Data for review |
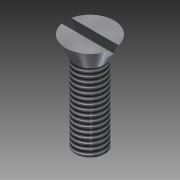
# Autodesk Inventor part: Screw_CountersunkHead_3x10
Saved by Autodesk Inventor 2014 SP1 (Build 180222100, 222)
## iProperties
Created: 2015-03-22
Part Number: Screw_CountersunkHead_3x10
Material: Generic
Document SubType Name: Modeling
Designer: david
Density: 1 g/cm^3
Appearance: Default
Author: david
Autodesk Inventor part; units mm, degrees
ref_plane "YZ Plane" through (0, 0, 0) normal (1, 0, 0) x (0, 1, 0)
ref_plane "XZ Plane" through (0, 0, 0) normal (0, 1, 0) x (-1, 0, 0)
ref_plane "XY Plane" through (0, 0, 0) normal (0, 0, 1) x (1, 0, 0)
sketch "Sketch1" plane through (0, 0, 0) normal (0, 1, 0) x (-1, 0, 0)
  circle A0 centre (0, 0) radius 1.5
  dimension "d0" = 3
  constraints: 1 centre point, 1 coincident
  measures "d0" diameter of A0
extrude "Extrusion1" add sketch "Sketch1" along normal blind 8
thread "Thread1" size "M3x0.5" class "6g" standard "ANSI Metric M Profile" full length
ref_plane "Work Plane1" through (0, 10, 0) normal (0, 1, 0) x (1, 0, 0)
sketch "Sketch4" plane through (0, 10, 0) normal (0, 1, 0) x (1, 0, 0)
  circle A0 centre (0, 0) radius 2.5
  dimension "d14" = 5
  constraints: 1 centre point, 1 coincident
  measures "d14" diameter of A0
loft "Loft1" add profiles "Sketch4" section 2 edges at (1.5, 8, 0)
sketch "Sketch5" plane through (0, 10, 0) normal (0, 1, 0) x (1, 0, 0)
  circle A0 centre (0, 0) radius 2.5 projected
  line L0 (-2.4495, 0.5) -> (2.4495, 0.5)
  line L1 (-2.4495, -0.5) -> (2.4495, -0.5)
  line L2 (0, 0) -> (2.0973, 0) construction
  dimension "d19" = 1
  constraints: 6 end point, 4 point on circle, 2 parallel, 1 horizontal, 1 other
  measures "d19" distance between parallel lines of L1 L0
extrude "Extrusion4" cut sketch "Sketch5" against normal blind 1 contours A0 L1 L0
body "Solid1"

What is expected | Starting from the records above, copy each line where the string "normal" is found.

Worked solution |
ref_plane "YZ Plane" through (0, 0, 0) normal (1, 0, 0) x (0, 1, 0)
ref_plane "XZ Plane" through (0, 0, 0) normal (0, 1, 0) x (-1, 0, 0)
ref_plane "XY Plane" through (0, 0, 0) normal (0, 0, 1) x (1, 0, 0)
sketch "Sketch1" plane through (0, 0, 0) normal (0, 1, 0) x (-1, 0, 0)
extrude "Extrusion1" add sketch "Sketch1" along normal blind 8
ref_plane "Work Plane1" through (0, 10, 0) normal (0, 1, 0) x (1, 0, 0)
sketch "Sketch4" plane through (0, 10, 0) normal (0, 1, 0) x (1, 0, 0)
sketch "Sketch5" plane through (0, 10, 0) normal (0, 1, 0) x (1, 0, 0)
extrude "Extrusion4" cut sketch "Sketch5" against normal blind 1 contours A0 L1 L0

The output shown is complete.